The funny thing about statistics is that "if someone didn't want to prove something, they'd never have hired someone to gather the statistics," Monochrome Mentality blogger Kevin Dean told LinuxInsider.

"Microsoft is looking at declining sales in desktop operating systems; its biggest competition is itself, but it's still bleeding business to Apple and Linux vendors," Dean explained. "Comparing 'total Windows SKUs shipped' might make netbooks look like a glaring win to Redmond.

"Name another sector where people are buying new computers AND feeling happy they didn't get screwed with the OS they got," he said. "'Yay, we're selling operating systems, we win!'"

Nevertheless, "I think there might actually be some truth in Microsoft's claims, if the traditional desktop market is any indication," Dean said.

'A Long History of FUD'

On the other hand: "M$ and its allies have a long history of FUD," blogger Robert Pogson charged. "It is not surprising that they still do that. It is just another way that they try to eliminate competition."

The figures in question are "USA-centric: In the USA there are PCs in almost every home and netbooks are bought as extra machines," Pogson told LinuxInsider. "Homes with one or two machines running that other OS really may not be interested in a netbook running GNU/Linux."

Other parts of the world, however, "are very interested in GNU/Linux: Germany, France, Spain, Russia, Brazil, India and China, to name some," Pogson asserted. "Are these represented in the claims? No. Statements from Asus and others suggest about one-third of netbooks are shipping with GNU/Linux and return rates are small and similar to that other OS."

In other words? "No news at all," he concluded.

'Me Too' Marketing

"Shoot, there's nothing new there!" Slashdot blogger yagu agreed. "Microsoft has always been about spreading disinformation about their competition."

The original claims that Linux was dominating netbooks were surprising, yagu told LinuxInsider.

"My first guess is Microsoft was cautious enough initially to wait and see about the netbook market," he said. "When Microsoft saw a true market there, they did what they do: They stepped in and said, 'Me too!' Not a surprise, and once they want to play, vendors have no choice but to play too."

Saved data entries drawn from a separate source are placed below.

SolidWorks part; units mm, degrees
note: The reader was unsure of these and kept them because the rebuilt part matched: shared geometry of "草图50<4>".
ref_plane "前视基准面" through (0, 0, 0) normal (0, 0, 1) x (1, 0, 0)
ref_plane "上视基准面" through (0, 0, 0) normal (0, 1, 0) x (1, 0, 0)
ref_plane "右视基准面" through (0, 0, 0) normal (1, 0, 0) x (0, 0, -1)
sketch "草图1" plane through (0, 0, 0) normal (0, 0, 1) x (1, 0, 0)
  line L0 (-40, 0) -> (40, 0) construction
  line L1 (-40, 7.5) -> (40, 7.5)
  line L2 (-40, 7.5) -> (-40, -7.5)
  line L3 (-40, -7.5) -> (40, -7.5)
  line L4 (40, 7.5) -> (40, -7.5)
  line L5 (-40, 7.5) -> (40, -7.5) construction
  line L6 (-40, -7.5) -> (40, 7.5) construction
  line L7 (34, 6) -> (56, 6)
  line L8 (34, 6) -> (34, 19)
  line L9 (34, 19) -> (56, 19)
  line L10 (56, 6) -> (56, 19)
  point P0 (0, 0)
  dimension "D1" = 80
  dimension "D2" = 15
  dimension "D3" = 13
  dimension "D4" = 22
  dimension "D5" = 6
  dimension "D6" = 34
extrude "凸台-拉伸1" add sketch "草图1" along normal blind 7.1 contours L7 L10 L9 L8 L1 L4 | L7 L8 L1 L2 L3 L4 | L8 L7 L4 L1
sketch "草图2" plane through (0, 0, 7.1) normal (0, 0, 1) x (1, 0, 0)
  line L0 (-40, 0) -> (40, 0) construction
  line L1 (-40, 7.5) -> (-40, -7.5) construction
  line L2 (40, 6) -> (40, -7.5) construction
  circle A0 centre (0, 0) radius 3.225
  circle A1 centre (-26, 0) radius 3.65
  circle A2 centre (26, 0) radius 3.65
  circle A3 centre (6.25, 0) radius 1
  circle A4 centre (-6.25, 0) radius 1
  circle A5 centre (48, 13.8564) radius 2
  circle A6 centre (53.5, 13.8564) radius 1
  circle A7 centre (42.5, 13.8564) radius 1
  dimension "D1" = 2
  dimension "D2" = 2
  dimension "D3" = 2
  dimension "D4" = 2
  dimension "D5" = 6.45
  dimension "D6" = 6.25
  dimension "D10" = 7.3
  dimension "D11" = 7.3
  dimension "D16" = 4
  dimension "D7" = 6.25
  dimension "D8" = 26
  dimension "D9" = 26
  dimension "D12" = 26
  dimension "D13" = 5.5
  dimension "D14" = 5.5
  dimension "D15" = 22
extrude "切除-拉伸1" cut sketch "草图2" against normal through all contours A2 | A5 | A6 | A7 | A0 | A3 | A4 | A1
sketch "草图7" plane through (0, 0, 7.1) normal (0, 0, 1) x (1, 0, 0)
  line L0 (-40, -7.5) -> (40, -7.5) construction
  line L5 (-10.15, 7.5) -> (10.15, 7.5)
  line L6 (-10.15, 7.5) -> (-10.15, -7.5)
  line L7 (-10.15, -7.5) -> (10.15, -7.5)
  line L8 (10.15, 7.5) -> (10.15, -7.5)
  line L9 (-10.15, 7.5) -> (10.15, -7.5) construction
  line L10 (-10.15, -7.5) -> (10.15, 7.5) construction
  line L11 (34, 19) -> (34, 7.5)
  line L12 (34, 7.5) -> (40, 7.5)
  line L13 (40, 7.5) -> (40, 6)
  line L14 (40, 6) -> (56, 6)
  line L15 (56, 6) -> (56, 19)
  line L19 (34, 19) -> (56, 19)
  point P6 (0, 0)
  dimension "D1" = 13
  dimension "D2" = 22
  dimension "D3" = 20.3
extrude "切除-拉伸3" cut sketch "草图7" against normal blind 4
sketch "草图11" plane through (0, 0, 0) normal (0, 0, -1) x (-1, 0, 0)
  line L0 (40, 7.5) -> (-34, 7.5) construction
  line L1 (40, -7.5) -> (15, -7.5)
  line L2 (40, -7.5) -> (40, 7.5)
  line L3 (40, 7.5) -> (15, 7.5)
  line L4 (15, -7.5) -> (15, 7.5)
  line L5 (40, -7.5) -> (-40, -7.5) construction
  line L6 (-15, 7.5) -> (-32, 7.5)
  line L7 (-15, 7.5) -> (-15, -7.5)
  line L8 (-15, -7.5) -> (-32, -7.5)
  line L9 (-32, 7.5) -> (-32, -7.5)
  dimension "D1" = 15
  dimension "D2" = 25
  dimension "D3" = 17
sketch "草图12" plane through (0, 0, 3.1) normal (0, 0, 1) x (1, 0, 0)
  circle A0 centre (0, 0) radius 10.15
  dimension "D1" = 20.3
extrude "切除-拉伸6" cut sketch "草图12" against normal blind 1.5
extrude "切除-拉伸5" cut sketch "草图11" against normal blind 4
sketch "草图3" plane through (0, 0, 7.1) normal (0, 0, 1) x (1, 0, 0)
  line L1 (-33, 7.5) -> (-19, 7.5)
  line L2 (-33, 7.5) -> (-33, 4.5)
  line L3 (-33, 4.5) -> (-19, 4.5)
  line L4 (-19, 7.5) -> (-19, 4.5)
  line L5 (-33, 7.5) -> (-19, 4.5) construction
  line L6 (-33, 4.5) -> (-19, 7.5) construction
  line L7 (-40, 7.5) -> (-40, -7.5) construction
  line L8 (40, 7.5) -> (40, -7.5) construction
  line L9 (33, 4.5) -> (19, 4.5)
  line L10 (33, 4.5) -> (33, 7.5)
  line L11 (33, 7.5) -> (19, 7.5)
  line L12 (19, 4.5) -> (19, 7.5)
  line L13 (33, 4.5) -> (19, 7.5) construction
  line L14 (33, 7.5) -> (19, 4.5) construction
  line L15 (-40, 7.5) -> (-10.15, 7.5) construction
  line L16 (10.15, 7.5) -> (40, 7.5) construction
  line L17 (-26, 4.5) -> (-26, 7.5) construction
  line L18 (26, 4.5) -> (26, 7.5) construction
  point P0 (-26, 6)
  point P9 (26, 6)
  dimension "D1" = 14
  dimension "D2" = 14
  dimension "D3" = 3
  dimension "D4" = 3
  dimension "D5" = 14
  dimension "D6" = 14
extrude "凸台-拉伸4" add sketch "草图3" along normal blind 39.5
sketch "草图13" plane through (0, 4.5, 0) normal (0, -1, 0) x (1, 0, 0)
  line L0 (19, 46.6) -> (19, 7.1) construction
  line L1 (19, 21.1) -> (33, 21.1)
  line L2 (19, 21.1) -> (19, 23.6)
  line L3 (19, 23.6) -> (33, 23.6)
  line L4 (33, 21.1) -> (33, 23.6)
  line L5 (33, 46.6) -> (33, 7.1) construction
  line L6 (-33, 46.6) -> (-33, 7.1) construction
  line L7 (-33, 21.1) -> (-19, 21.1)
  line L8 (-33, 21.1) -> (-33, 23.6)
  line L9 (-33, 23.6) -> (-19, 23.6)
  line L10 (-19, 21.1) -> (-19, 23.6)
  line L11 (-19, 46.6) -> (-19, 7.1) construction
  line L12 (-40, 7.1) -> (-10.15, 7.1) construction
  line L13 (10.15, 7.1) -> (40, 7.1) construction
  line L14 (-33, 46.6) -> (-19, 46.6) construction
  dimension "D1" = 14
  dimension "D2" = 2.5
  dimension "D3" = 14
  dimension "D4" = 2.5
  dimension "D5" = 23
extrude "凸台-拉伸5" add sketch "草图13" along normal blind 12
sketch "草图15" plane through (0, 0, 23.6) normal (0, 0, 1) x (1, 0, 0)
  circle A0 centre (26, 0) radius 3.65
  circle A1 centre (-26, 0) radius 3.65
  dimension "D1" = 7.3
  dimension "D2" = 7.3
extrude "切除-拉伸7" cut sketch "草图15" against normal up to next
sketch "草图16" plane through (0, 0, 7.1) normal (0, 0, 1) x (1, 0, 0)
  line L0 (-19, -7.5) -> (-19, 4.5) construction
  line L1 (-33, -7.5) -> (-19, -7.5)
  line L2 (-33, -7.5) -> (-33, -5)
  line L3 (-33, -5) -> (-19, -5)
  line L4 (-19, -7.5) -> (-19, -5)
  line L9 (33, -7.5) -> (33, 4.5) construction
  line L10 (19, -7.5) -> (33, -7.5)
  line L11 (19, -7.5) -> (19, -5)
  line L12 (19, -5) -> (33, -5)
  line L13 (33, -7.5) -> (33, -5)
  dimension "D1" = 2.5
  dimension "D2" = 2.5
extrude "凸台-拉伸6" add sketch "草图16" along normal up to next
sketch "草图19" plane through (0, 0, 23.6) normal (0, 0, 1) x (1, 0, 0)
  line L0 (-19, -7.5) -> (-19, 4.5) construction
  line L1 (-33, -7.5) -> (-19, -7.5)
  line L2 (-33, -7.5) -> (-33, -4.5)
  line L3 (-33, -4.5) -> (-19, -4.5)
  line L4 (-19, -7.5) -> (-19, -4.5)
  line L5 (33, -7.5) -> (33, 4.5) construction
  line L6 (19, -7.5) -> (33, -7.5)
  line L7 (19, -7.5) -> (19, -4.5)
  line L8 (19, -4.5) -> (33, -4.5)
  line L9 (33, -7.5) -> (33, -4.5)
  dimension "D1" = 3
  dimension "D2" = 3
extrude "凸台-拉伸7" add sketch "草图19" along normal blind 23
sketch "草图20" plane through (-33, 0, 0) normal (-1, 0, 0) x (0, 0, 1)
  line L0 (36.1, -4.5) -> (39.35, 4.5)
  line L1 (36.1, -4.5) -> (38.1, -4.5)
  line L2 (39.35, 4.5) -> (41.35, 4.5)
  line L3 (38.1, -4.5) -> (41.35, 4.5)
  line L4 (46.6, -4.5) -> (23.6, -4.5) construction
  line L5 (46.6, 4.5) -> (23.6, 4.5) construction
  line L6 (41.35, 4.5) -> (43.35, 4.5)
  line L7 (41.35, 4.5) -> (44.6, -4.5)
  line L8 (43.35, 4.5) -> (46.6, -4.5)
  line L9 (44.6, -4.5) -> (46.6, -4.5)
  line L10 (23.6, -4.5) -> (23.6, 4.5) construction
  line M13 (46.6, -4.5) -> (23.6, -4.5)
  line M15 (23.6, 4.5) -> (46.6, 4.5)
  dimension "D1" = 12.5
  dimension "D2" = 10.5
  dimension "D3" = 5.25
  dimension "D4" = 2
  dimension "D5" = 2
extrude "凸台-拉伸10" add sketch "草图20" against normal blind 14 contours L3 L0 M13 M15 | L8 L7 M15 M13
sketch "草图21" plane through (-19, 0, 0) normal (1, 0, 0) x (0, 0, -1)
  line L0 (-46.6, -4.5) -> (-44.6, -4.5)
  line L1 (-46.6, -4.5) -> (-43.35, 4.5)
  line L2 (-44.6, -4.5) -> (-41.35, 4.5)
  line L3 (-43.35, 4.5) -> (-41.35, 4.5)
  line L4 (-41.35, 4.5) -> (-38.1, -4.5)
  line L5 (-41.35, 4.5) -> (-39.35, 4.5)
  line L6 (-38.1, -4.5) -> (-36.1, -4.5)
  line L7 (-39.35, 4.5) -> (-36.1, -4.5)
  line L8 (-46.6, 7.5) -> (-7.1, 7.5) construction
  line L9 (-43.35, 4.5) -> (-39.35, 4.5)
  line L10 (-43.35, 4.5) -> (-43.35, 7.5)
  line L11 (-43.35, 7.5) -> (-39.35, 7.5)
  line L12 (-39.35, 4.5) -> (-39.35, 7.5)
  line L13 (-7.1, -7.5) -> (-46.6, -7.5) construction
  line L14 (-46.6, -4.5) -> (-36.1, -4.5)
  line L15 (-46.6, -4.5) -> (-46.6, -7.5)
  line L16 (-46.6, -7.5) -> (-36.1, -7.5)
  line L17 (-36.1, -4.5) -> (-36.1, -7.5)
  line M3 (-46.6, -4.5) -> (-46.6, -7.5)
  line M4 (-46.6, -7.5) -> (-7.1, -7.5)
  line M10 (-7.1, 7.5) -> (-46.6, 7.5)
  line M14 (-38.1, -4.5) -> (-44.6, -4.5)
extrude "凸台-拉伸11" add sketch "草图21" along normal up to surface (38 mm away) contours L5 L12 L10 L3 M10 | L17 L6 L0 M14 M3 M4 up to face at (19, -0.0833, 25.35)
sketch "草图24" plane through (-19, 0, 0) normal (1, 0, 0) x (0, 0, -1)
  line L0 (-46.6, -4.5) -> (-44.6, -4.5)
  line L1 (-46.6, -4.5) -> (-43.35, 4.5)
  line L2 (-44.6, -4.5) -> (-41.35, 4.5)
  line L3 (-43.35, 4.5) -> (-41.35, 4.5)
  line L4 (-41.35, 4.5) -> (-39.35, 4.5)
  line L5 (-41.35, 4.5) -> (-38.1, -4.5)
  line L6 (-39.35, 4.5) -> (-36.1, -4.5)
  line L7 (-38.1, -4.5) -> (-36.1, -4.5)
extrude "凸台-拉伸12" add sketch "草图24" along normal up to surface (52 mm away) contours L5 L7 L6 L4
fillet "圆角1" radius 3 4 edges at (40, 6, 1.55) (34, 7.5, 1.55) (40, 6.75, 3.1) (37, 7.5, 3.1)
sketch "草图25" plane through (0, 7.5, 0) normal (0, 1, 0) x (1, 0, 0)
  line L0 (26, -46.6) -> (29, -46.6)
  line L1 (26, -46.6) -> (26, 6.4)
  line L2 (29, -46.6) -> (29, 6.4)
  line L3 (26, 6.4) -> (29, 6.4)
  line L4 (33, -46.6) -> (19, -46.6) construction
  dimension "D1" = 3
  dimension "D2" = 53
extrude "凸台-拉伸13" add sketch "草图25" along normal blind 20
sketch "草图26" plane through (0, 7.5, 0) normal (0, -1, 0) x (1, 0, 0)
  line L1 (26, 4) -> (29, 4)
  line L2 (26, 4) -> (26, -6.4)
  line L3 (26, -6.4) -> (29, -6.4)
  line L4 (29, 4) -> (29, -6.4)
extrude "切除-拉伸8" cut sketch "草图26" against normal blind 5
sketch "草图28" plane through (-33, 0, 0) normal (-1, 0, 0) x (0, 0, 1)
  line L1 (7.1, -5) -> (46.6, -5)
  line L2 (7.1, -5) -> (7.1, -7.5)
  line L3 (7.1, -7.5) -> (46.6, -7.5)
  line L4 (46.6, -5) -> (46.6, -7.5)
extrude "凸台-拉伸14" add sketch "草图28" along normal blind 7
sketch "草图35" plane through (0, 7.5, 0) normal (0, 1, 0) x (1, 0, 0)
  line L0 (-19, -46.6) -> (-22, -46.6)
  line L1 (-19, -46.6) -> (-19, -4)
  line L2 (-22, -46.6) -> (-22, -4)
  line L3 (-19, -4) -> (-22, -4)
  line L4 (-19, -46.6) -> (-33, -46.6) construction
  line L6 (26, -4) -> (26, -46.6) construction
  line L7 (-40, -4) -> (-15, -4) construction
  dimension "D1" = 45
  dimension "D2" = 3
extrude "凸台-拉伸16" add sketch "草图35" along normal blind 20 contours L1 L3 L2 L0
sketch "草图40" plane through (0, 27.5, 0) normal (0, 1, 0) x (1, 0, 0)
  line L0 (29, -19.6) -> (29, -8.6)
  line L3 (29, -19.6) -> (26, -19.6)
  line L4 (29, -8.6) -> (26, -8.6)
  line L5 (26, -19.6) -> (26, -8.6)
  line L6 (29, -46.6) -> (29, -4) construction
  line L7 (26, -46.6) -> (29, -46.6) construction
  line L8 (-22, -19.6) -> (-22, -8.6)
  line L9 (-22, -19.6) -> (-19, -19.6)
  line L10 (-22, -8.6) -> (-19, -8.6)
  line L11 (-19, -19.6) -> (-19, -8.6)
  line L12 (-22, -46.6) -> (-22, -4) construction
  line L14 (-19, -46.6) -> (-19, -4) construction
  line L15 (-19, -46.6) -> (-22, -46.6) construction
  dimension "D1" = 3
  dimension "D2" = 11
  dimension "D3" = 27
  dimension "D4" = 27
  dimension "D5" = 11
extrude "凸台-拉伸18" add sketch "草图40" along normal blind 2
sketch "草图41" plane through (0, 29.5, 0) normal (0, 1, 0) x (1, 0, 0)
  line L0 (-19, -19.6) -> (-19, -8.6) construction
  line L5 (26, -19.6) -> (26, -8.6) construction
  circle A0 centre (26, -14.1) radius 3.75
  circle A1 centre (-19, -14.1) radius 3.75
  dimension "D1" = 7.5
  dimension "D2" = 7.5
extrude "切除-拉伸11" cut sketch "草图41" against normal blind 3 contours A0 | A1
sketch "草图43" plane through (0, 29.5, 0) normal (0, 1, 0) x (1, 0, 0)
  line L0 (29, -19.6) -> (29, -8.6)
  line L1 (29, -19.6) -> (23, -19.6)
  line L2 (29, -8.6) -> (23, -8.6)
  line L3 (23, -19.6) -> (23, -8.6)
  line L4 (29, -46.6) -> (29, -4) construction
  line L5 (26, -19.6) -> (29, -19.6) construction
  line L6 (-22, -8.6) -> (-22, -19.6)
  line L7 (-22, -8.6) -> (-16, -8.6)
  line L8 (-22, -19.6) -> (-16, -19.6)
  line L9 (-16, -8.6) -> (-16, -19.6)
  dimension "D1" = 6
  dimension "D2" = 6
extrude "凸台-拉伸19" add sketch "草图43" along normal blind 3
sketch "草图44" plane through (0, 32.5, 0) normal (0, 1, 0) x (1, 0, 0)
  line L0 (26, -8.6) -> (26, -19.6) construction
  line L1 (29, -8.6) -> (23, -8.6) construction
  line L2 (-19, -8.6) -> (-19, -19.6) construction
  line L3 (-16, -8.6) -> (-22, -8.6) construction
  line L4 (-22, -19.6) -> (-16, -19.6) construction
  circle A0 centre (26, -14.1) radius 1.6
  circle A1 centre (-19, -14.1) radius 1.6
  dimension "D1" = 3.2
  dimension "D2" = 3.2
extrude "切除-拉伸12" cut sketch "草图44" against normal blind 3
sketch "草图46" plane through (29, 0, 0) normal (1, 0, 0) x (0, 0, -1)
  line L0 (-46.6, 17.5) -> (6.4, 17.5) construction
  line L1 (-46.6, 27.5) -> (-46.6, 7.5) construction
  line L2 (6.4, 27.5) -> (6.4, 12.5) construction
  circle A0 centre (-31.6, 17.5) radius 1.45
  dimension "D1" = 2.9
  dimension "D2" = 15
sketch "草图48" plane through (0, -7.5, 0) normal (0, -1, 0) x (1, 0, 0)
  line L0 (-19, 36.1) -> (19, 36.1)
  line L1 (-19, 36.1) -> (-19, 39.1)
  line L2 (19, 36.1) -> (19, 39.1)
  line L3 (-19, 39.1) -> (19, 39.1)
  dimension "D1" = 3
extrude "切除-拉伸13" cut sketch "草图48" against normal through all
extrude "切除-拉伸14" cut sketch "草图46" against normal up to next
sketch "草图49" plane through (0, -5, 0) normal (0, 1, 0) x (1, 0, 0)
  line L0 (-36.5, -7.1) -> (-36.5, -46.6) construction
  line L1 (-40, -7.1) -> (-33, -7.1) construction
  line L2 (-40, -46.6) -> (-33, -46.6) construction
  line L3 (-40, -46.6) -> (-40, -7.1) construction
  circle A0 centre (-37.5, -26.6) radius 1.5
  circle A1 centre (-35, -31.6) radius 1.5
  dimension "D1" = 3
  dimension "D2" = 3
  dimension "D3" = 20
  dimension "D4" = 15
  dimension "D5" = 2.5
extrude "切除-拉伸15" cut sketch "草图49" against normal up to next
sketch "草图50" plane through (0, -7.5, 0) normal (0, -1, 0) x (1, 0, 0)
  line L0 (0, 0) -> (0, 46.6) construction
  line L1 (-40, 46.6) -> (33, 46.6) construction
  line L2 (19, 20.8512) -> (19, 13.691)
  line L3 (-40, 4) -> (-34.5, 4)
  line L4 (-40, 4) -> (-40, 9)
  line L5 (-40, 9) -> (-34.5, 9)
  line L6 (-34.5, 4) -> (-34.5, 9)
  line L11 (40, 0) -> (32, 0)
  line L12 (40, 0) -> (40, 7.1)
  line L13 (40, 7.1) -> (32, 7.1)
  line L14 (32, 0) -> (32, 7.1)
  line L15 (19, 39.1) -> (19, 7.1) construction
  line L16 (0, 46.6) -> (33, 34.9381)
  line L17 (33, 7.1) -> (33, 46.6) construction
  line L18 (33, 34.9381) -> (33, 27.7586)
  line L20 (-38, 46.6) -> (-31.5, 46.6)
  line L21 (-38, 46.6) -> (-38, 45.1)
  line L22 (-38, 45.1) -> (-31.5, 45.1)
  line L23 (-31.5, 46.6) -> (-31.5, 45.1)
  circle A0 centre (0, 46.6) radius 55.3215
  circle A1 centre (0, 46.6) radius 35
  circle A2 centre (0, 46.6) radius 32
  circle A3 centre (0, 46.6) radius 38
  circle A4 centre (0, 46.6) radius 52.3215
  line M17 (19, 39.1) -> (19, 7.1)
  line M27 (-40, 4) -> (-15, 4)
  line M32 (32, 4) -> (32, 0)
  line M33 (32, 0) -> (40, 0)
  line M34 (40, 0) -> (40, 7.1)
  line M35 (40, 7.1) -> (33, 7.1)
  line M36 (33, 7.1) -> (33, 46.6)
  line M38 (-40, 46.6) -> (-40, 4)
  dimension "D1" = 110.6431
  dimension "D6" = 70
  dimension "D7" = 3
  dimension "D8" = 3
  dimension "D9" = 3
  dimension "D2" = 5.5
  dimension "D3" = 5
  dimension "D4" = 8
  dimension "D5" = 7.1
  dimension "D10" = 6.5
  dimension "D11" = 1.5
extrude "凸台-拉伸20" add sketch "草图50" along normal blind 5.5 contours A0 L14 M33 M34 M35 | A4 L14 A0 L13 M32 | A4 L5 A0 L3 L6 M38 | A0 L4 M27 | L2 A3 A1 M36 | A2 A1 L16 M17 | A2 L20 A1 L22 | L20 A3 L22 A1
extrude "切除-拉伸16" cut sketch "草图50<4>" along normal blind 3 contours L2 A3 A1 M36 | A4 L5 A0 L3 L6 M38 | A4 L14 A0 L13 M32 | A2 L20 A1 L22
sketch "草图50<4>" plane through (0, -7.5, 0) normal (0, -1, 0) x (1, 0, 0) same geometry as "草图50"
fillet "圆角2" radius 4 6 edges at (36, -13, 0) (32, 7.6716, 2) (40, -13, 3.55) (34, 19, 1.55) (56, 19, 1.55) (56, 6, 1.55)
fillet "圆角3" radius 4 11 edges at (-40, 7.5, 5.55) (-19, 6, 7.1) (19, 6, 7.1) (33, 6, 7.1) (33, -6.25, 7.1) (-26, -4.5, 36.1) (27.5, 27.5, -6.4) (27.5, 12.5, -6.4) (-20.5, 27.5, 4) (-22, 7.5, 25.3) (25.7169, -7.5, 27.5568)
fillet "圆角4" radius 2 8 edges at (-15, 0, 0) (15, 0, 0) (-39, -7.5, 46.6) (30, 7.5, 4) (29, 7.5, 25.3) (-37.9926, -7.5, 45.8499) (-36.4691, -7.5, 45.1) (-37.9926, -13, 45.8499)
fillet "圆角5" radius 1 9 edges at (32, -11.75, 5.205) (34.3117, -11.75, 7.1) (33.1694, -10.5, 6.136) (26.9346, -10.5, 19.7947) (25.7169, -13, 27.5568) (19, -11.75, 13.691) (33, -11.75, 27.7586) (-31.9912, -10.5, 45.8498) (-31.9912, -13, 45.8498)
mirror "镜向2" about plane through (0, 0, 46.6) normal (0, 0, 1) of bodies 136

The most troubling aspect of the debate, however, is the claim of the higher return rates for Linux netbooks, yagu opined.

'A Serious Catch-22 for Linux'

"I truly believe for all things equal -- quality of hardware, needs for computing (e.g., not Windows based) and cost-efficiencies -- customers keep Linux as much as they do Windows," he said. "The problem arises not because of inferiority but because of unfamiliarity. People don't know they can't run Photoshop on Linux -- those customers aren't returning Linux because it's inferior or Windows is better, it's because they can't do what they need to do in Linux."

That, in turn, "leads to a serious Catch-22 for Linux," yagu noted. "If Linux wants to move up, it has to have applications for the masses. Software providers counter with, 'if you want our application on Linux, you have to give us a bigger market.' This is Microsoft's linchpin that holds their monopoly together."

What may turn the tide, however, is the increasing prevalence of embedded computers and "OS-agnostic," browser-based computing, yagu said. "At some point, (new) Linux customers will find they *can* do everything they need on Linux computers, and the pleasant surprise is, it's more responsive on less expensive hardware."